Like all things perfect, perfect rhyme is less common than other, less perfect versions. That’s because of the nature of its composition. For two words to rhyme perfectly, they must be absolutely identical from the point in which each word's stressed vowel occurs to the end of the word. In addition, the sound that manifests immediately prior to that vowel must be different. Most of the time, this will be a consonant but not always.
This means that words like still and quill are perfect rhymes because they are both one-syllable words, the first stressed vowel is i, and the sounds that follow are identical. Contort and report are also perfect rhymes, but leave and believe are not because the sound immediately preceding the long e sound is identical and also because they have different numbers of syllables. Perfect rhymes, which are also called exact, full, or true rhymes, are less common in multisyllabic words with the stress on one of the earlier syllables.
Perfect rhymes appeal to the child in every reader. Perhaps this is because they are the bread and butter — rhymes perfectly with said and mutter — of nursery rhymes, or perhaps the love of linguistic balance is somehow programmed in our DNA. Poets, however, must use perfect rhyme judiciously. Poems that are created entirely on perfect rhyme end up sounding artificially singsongy. Most poets working in rhyme are aware of this danger and play off perfection with rhymes that might be imperfect or slant.
Imperfect rhymes allow a little leeway in terms of syllable length, plurals, or other additional end sounds. For example, a slant rhyme might pair despair with, well, pair; these two words miss perfection in two ways. First, the articulation that immediately precedes "air" is the same; with a perfect rhyme, they would have to be different, as in pair and fair. Secondly, this particular rhyme allows a two-syllable word to dance with a monosyllabic one, which is verboten in the world of perfect rhyme.

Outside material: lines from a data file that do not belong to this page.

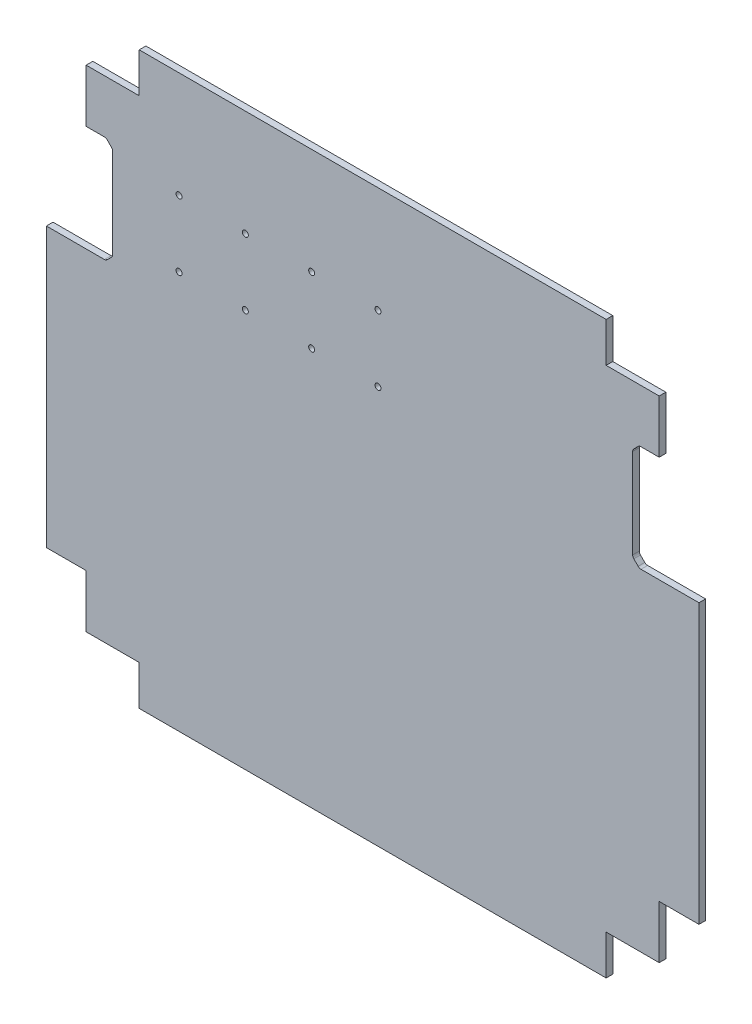
SolidWorks part; units mm, degrees
material "Acrílico (Impacto medio-alto)"
ref_plane "Alzado" through (0, 0, 0) normal (0, 0, 1) x (1, 0, 0)
ref_plane "Planta" through (0, 0, 0) normal (0, 1, 0) x (1, 0, 0)
ref_plane "Vista lateral" through (0, 0, 0) normal (1, 0, 0) x (0, 0, -1)
sketch "Croquis1" plane through (0, 0, 0) normal (0, 0, 1) x (1, 0, 0)
  line L0 (-246, 0) -> (246, 0)
  line L1 (0, 0) -> (0, 215) construction
  line L2 (-246, -145) -> (-246, 145)
  line L3 (-246, 145) -> (-216, 145)
  line L4 (-216, 145) -> (-216, 185)
  line L5 (-216, 185) -> (-176, 185)
  line L6 (-176, 185) -> (-176, 215)
  line L7 (-176, 215) -> (176, 215)
  line L8 (246, -145) -> (246, 145)
  line L9 (246, 145) -> (216, 145)
  line L10 (216, 145) -> (216, 185)
  line L11 (216, 185) -> (176, 185)
  line L12 (176, 185) -> (176, 215)
  line L13 (-246, -145) -> (-216, -145)
  line L14 (-216, -145) -> (-216, -185)
  line L15 (-216, -185) -> (-176, -185)
  line L16 (-176, -185) -> (-176, -215)
  line L17 (-176, -215) -> (176, -215)
  line L18 (176, -185) -> (176, -215)
  line L19 (216, -185) -> (176, -185)
  line L20 (216, -145) -> (216, -185)
  line L21 (246, -145) -> (216, -145)
  point P4 (0, 0)
  dimension "D1" = 492
  dimension "D2" = 145
  dimension "D3" = 216
  dimension "D4" = 176
  dimension "D5" = 30
  dimension "D6" = 40
extrude "Saliente-Extruir1" add sketch "Croquis1" along normal blind 5 contours L1 L0 L8 L9 L10 L11 L12 L7 | L0 L1 L7 L6 L5 L4 L3 L2 | L21 L8 L0 L2 L13 L14 L15 L16 L17 L18 L19 L20 region at (-116.66, 102.1915, 0) region at (0, -102.1915, 0) region at (116.66, 102.1915, 0)
sketch "Croquis3" plane through (0, 0, 5) normal (0, 0, 1) x (1, 0, 0)
  line L1 (-246, 145) -> (-196, 145)
  line L2 (-246, 145) -> (-246, 65)
  line L3 (-246, 65) -> (-196, 65)
  line L4 (-196, 145) -> (-196, 65)
  line L5 (246, 145) -> (196, 145)
  line L6 (246, 145) -> (246, 65)
  line L7 (246, 65) -> (196, 65)
  line L8 (196, 145) -> (196, 65)
  dimension "D1" = 50
  dimension "D2" = 80
  dimension "D3" = 50
  dimension "D4" = 80
extrude "Cortar-Extruir2" cut sketch "Croquis3" against normal blind 10 contours L2 L1 L4 L3 | L6 L5 L8 L7
chamfer "Chaflán1" distance 5 angle 45 4 edges at (-196, 65, 2.5) (-196, 145, 2.5) (196, 65, 2.5) (196, 145, 2.5)
fillet "Redondeo1" radius 3 8 edges at (196, 140, 2.5) (201, 145, 2.5) (201, 65, 2.5) (196, 70, 2.5) (-196, 140, 2.5) (-201, 145, 2.5) (-201, 65, 2.5) (-196, 70, 2.5)
sketch "Croquis4" plane through (0, 0, 5) normal (0, 0, 1) x (1, 0, 0)
  line L0 (-216, 145) -> (-216, 185) construction
  line L1 (-176, 215) -> (176, 215) construction
  circle A0 centre (-146, 135) radius 2.25
  circle A1 centre (-96, 135) radius 2.25
  circle A2 centre (-146, 85) radius 2.25
  circle A3 centre (-96, 85) radius 2.25
  circle A4 centre (-46, 135) radius 2.25
  circle A5 centre (-46, 85) radius 2.25
  circle A6 centre (4, 135) radius 2.25
  circle A7 centre (4, 85) radius 2.25
  point P20 (0, 0)
  point P21 (0, 0)
  point P22 (-70.9173, 132.2312)
  point P23 (-37.5869, 133.3817)
  point P24 (0, 0)
  point P25 (0, 0)
  point P26 (0, 0)
  point P27 (0, 0)
  point P28 (0, 0)
  dimension "D1" = 4.5
  dimension "D8" = 4.5
  dimension "D2" = 50
  dimension "D3" = 50
  dimension "D4" = 70
  dimension "D5" = 80
  dimension "D6" = 50
  dimension "D7" = 50
extrude "Cortar-Extruir3" cut sketch "Croquis4" against normal mid plane 10
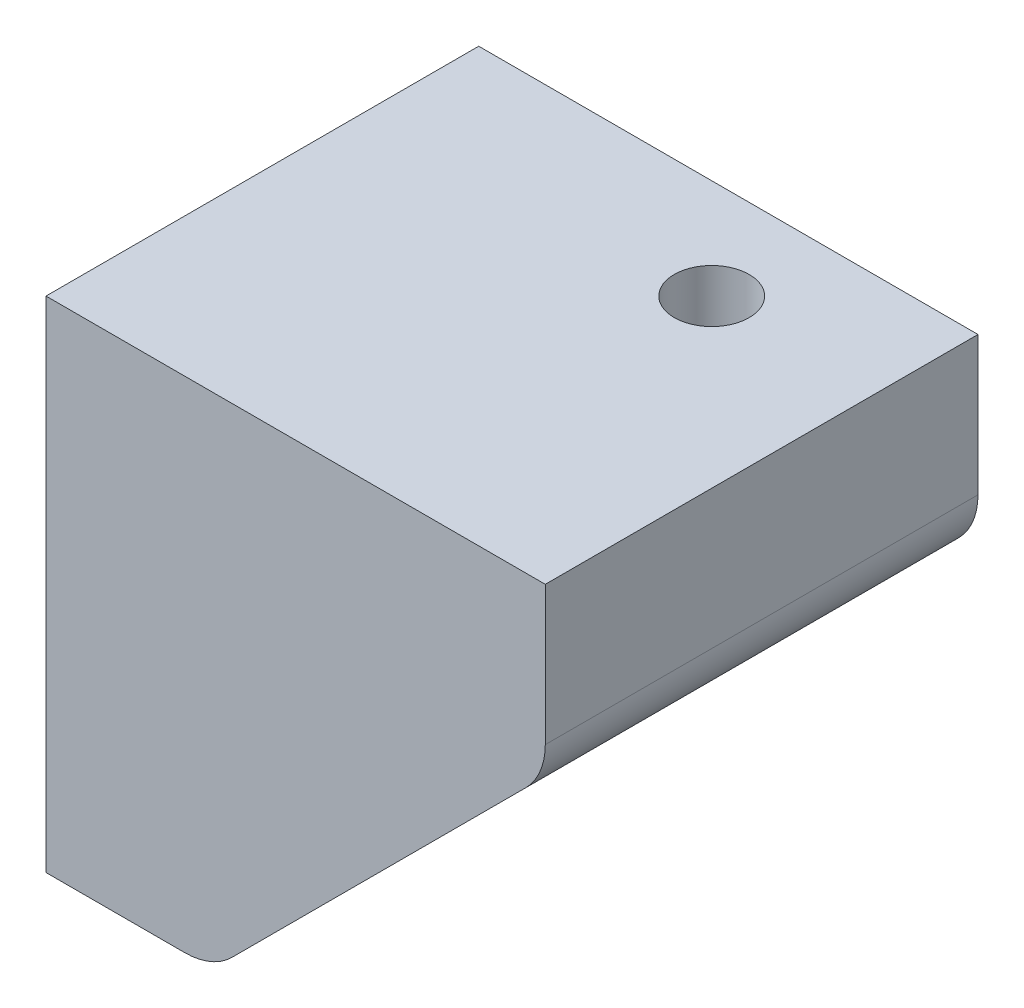
SolidWorks part; units mm, degrees
ref_plane "Front Plane" through (0, 0, 0) normal (0, 0, 1) x (1, 0, 0)
ref_plane "Top Plane" through (0, 0, 0) normal (0, 1, 0) x (1, 0, 0)
ref_plane "Right Plane" through (0, 0, 0) normal (1, 0, 0) x (0, 0, -1)
sketch "Sketch1" plane through (0, 0, 0) normal (0, 0, 1) x (1, 0, 0)
  line L0 (0, 0) -> (10, 0)
  line L1 (10, 0) -> (30, 20)
  line L2 (30, 20) -> (30, 30)
  line L3 (30, 30) -> (0, 30)
  line L4 (0, 30) -> (0, 0)
  line L5 (10, 0) -> (10, 30) construction
  line L6 (30, 20) -> (0, 20) construction
  dimension "D1" = 45
  dimension "D2" = 10
  dimension "D3" = 10
  dimension "D4" = 30
extrude "Boss-Extrude1" add sketch "Sketch1" along normal blind 26
sketch "Sketch2" plane through (0, 0, 0) normal (-1, 0, 0) x (0, 0, 1)
  line L0 (26, 20) -> (0, 20) construction
  line L1 (26, 20) -> (0, 20) construction
  line L2 (10, 20) -> (10, 0) construction
  line L3 (26, 0) -> (0, 0) construction
  line L4 (26, 30) -> (26, 0) construction
  line L5 (10, 20) -> (26, 0) construction
  circle A0 centre (18, 10) radius 2.5
  point P11 (22.7915, 10)
  point P12 (28, 0)
  dimension "D2" = 5
  dimension "D1" = 16
sketch "Sketch3" plane through (0, 30, 0) normal (0, 1, 0) x (1, 0, 0)
  line L0 (10, -26) -> (10, 0) construction
  line L1 (10, -26) -> (10, 0) construction
  line L2 (10, -12) -> (30, -12) construction
  line L3 (30, -26) -> (30, 0) construction
  line L4 (30, 0) -> (0, 0) construction
  line L5 (10, -12) -> (30, 0) construction
  circle A0 centre (20, -6) radius 2.25
  dimension "D2" = 4.5
  dimension "D1" = 12
extrude "Cut-Extrude1" cut sketch "Sketch3" against normal through all contours A0
extrude "Cut-Extrude2" cut sketch "Sketch2" against normal through all contours A0
ref_plane "Plane1" through (10, 0, 0) normal (-1, 0, 0) x (0, 0, 1)
sketch "Sketch4" plane through (10, 0, 0) normal (-1, 0, 0) x (0, 0, 1)
  circle A0 centre (18, 10) radius 2.5 construction
  circle A1 centre (18, 10) radius 2.5 construction
  circle A2 centre (18, 10) radius 5
  dimension "D1" = 10
extrude "Cut-Extrude3" cut sketch "Sketch4" against normal through all contours A2
ref_plane "Plane2" through (0, 20, 0) normal (0, 1, 0) x (1, 0, 0)
sketch "Sketch5" plane through (0, 20, 0) normal (0, 1, 0) x (1, 0, 0)
  circle A0 centre (20, -6) radius 2.25 construction
  circle A1 centre (20, -6) radius 2.25 construction
  circle A2 centre (20, -6) radius 4
  dimension "D1" = 8
extrude "Cut-Extrude4" cut sketch "Sketch5" against normal through all
chamfer "Chamfer1" distance 3 angle 45 1 edges at (10, 5, 18)
fillet "Fillet2" radius 4 2 edges at (10, 0, 13) (30, 20, 13)
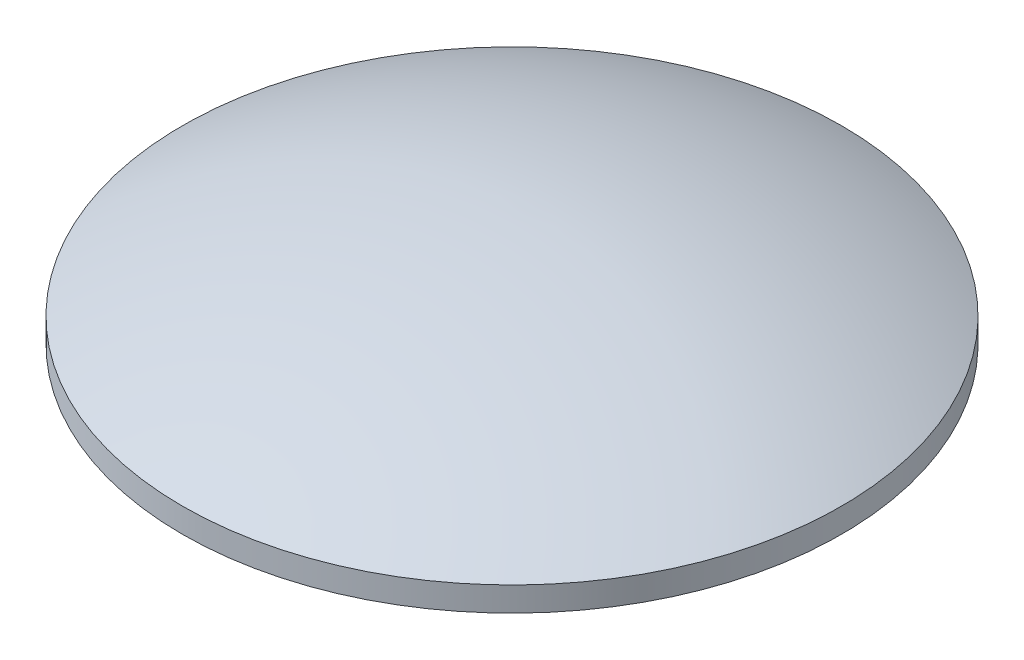
SolidWorks part; units mm, degrees
ref_plane "Front Plane" through (0, 0, 0) normal (0, 0, 1) x (1, 0, 0)
ref_plane "Top Plane" through (0, 0, 0) normal (0, 1, 0) x (1, 0, 0)
ref_plane "Right Plane" through (0, 0, 0) normal (1, 0, 0) x (0, 0, -1)
sketch "Sketch2" plane through (0, 0, 0) normal (0, 1, 0) x (1, 0, 0)
  circle A0 centre (0, 0) radius 6.75
  dimension "D1" = 13.5
extrude "Boss-Extrude1" add sketch "Sketch2" along normal blind 0.5
dome "Dome1" faces to dome 1 distance 1.7 reverse direction no elliptical dome no face at (0, 0.5, 6.75) parameters "D1"=1.7
sketch "Sketch3" plane through (0, 0, 0) normal (0, -1, 0) x (1, 0, 0)
  circle A0 centre (0, 0) radius 2.5631
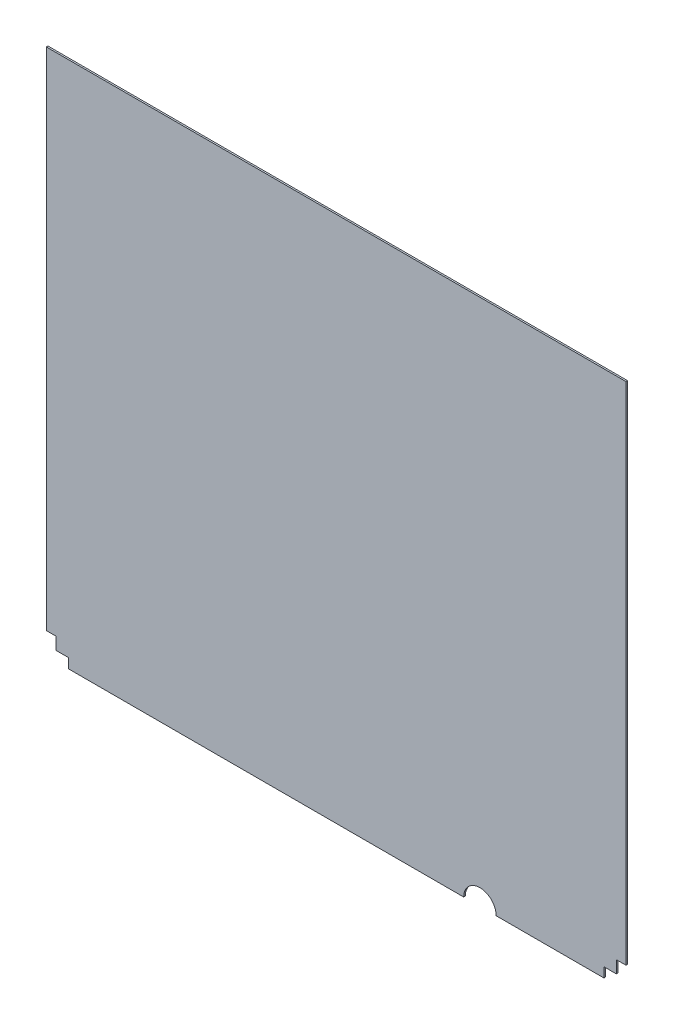
SolidWorks part; units mm, degrees
ref_plane "Front Plane" through (0, 0, 0) normal (0, 0, 1) x (1, 0, 0)
ref_plane "Top Plane" through (0, 0, 0) normal (0, 1, 0) x (1, 0, 0)
ref_plane "Right Plane" through (0, 0, 0) normal (1, 0, 0) x (0, 0, -1)
sketch "Sketch1" plane through (0, 0, 0) normal (0, 0, 1) x (1, 0, 0)
  line L0 (0, 34.544) -> (15.24, 34.544)
  line L1 (0, 0) -> (907.001, 0)
  line L2 (0, 0) -> (0, 825.5)
  line L3 (0, 825.5) -> (907.001, 825.5)
  line L4 (907.001, 0) -> (907.001, 825.5)
  line L5 (0, 0) -> (914.4, 0) construction
  line L6 (0, 0) -> (0, 914.4) construction
  line L7 (0, 914.4) -> (914.4, 914.4) construction
  line L8 (914.4, 0) -> (914.4, 914.4) construction
  line L9 (15.24, 34.544) -> (15.24, 15.24)
  line L10 (15.24, 15.24) -> (34.544, 15.24)
  line L11 (34.544, 15.24) -> (34.544, 0)
  line L12 (907.001, 34.544) -> (891.761, 34.544)
  line L13 (891.761, 34.544) -> (891.761, 15.24)
  line L14 (891.761, 15.24) -> (872.457, 15.24)
  line L15 (872.457, 15.24) -> (872.457, 0)
  arc A0 (703.801, 0) -> (653.001, 0) centre (678.401, 0) ccw
  dimension "D13" = 25.4
  dimension "D1" = 825.5
  dimension "D2" = 907.001
  dimension "D3" = 914.4
  dimension "D4" = 914.4
  dimension "D5" = 15.24
  dimension "D6" = 15.24
  dimension "D7" = 34.544
  dimension "D8" = 34.544
  dimension "D9" = 15.24
  dimension "D10" = 15.24
  dimension "D11" = 34.544
  dimension "D12" = 34.544
  dimension "D14" = 203.2
extrude "Boss-Extrude1" add sketch "Sketch1" along normal blind 2.54 contours L15 L14 L13 L12 L4 L3 L2 L0 L9 L10 L11 L1 region at (453.195, 414.1736, 0)
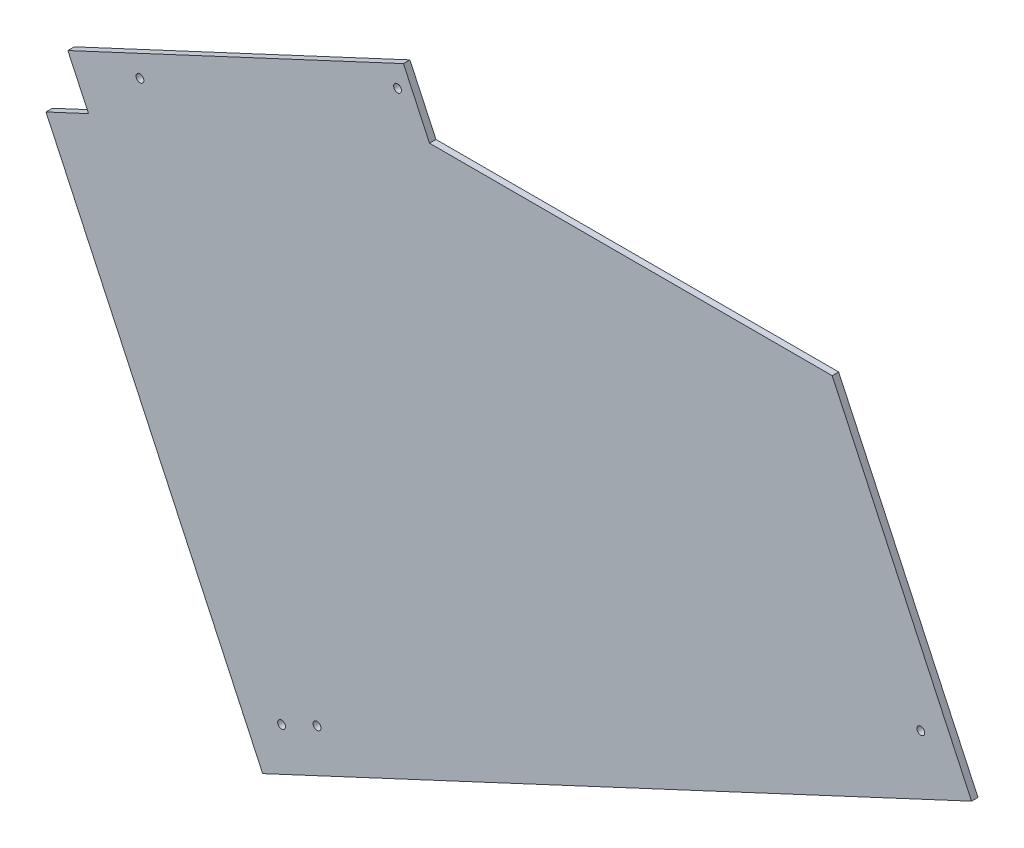
SolidWorks part; units mm, degrees
ref_plane "Front Plane" through (0, 0, 0) normal (0, 0, 1) x (1, 0, 0)
ref_plane "Top Plane" through (0, 0, 0) normal (0, 1, 0) x (1, 0, 0)
ref_plane "Right Plane" through (0, 0, 0) normal (1, 0, 0) x (0, 0, -1)
sketch "Sketch1" plane through (0, 0, 0) normal (0, 0, 1) x (1, 0, 0)
  line L0 (327.4362, 0.0035) -> (121.4984, 0.0035)
  line L1 (121.4984, 0.0035) -> (108.169, 28.5884)
  line L2 (108.169, 28.5884) -> (-63.4467, -51.4373)
  line L3 (-63.4467, -51.4373) -> (57.9293, -311.7289) construction
  line L4 (57.9293, -311.7289) -> (398.701, -152.8244)
  line L5 (271.5352, 119.8836) -> (277.3251, 107.4672) construction
  line L6 (190.5834, 136.311) -> (-12.0446, 41.824) construction
  line L7 (-63.4467, -51.4373) -> (255.5737, 97.3243) construction
  line L8 (398.701, -152.8244) -> (327.4362, 0.0035)
  line L9 (57.9293, -311.7289) -> (36.1779, -321.8717)
  line L10 (36.1779, -321.8717) -> (-74.6326, -84.2378)
  line L11 (50.7481, 0) -> (323.7481, 0) construction
  line L12 (-74.6326, -84.2378) -> (-52.8812, -74.095)
  line L13 (-90.9879, -49.1637) -> (-85.1981, -61.5801) construction
  line L14 (-52.8812, -74.095) -> (-63.4467, -51.4373)
  circle A0 centre (162.7613, -40.6644) radius 32.5 construction
  circle A1 centre (336.0773, -108.8767) radius 32.5 construction
  circle A2 centre (90.1802, -40.6644) radius 32.5 construction
  circle A3 centre (232.5481, -40.6644) radius 32.5 construction
  circle A4 centre (207.2768, 100.5118) radius 39.5 construction
  arc A5 (-3.3339, 41.4724) -> (-17.3744, 34.9252) centre (-8.0297, 33.2141) ccw construction
  circle A6 centre (304.5287, -40.6644) radius 32.5 construction
  circle A7 centre (254.9584, -108.8767) radius 32.5 construction
  circle A8 centre (179.3206, -108.8767) radius 32.5 construction
  circle A9 centre (101.4264, -108.8767) radius 32.5 construction
  circle A10 centre (270.383, -163.8108) radius 32.5 construction
  circle A11 centre (372.7594, -134.5783) radius 2
  dimension "D2" = 65
  dimension "D3" = 65
  dimension "D5" = 4
  dimension "D1" = 350
  dimension "D4" = 25
  dimension "24.5/2" = 15.8
  dimension "D6" = 27.5
extrude "Boss-Extrude1" add sketch "Sketch1" along normal up to surface (3.3 mm away)
sketch "Sketch2" plane through (0, 0, 3.3) normal (0, 0, 1) x (1, 0, 0)
  circle A0 centre (105.1447, 16.1444) radius 2
  circle A1 centre (-26.5934, -45.2861) radius 2
  circle A2 centre (-26.5934, -45.2861) radius 2 construction
  circle A3 centre (105.1447, 16.1444) radius 2 construction
extrude "Cut-Extrude1" cut sketch "Sketch2" against normal through all
sketch "Sketch3" plane through (0, 0, 3.3) normal (0, 0, 1) x (1, 0, 0)
  circle A0 centre (45.8517, -295.2932) radius 2
  circle A1 centre (63.9779, -286.8408) radius 2
  circle A2 centre (63.9779, -286.8408) radius 2 construction
  circle A3 centre (45.8517, -295.2932) radius 2 construction
  point P6 (0, 0)
  point P9 (0, 0)
  dimension "D1" = 4
  dimension "D2" = 4
extrude "Cut-Extrude2" cut sketch "Sketch3" against normal blind 4

Imperfect or slant rhymes are also called half, near, off, or sprung rhymes. In some cases, it’s the consonants alone that are identical, such in as the word pair stare and store. There is much discussion in poetry circles regarding whether homophones, or words that sound identical but have different meanings, are in fact perfect rhymes. Flower and flour is an example of a word pair with clearly different meanings that a poet might legitimately rhyme in a poem; however, most experts agree that these are technically not perfect rhymes as the articulation preceding the stressed vowels are identical.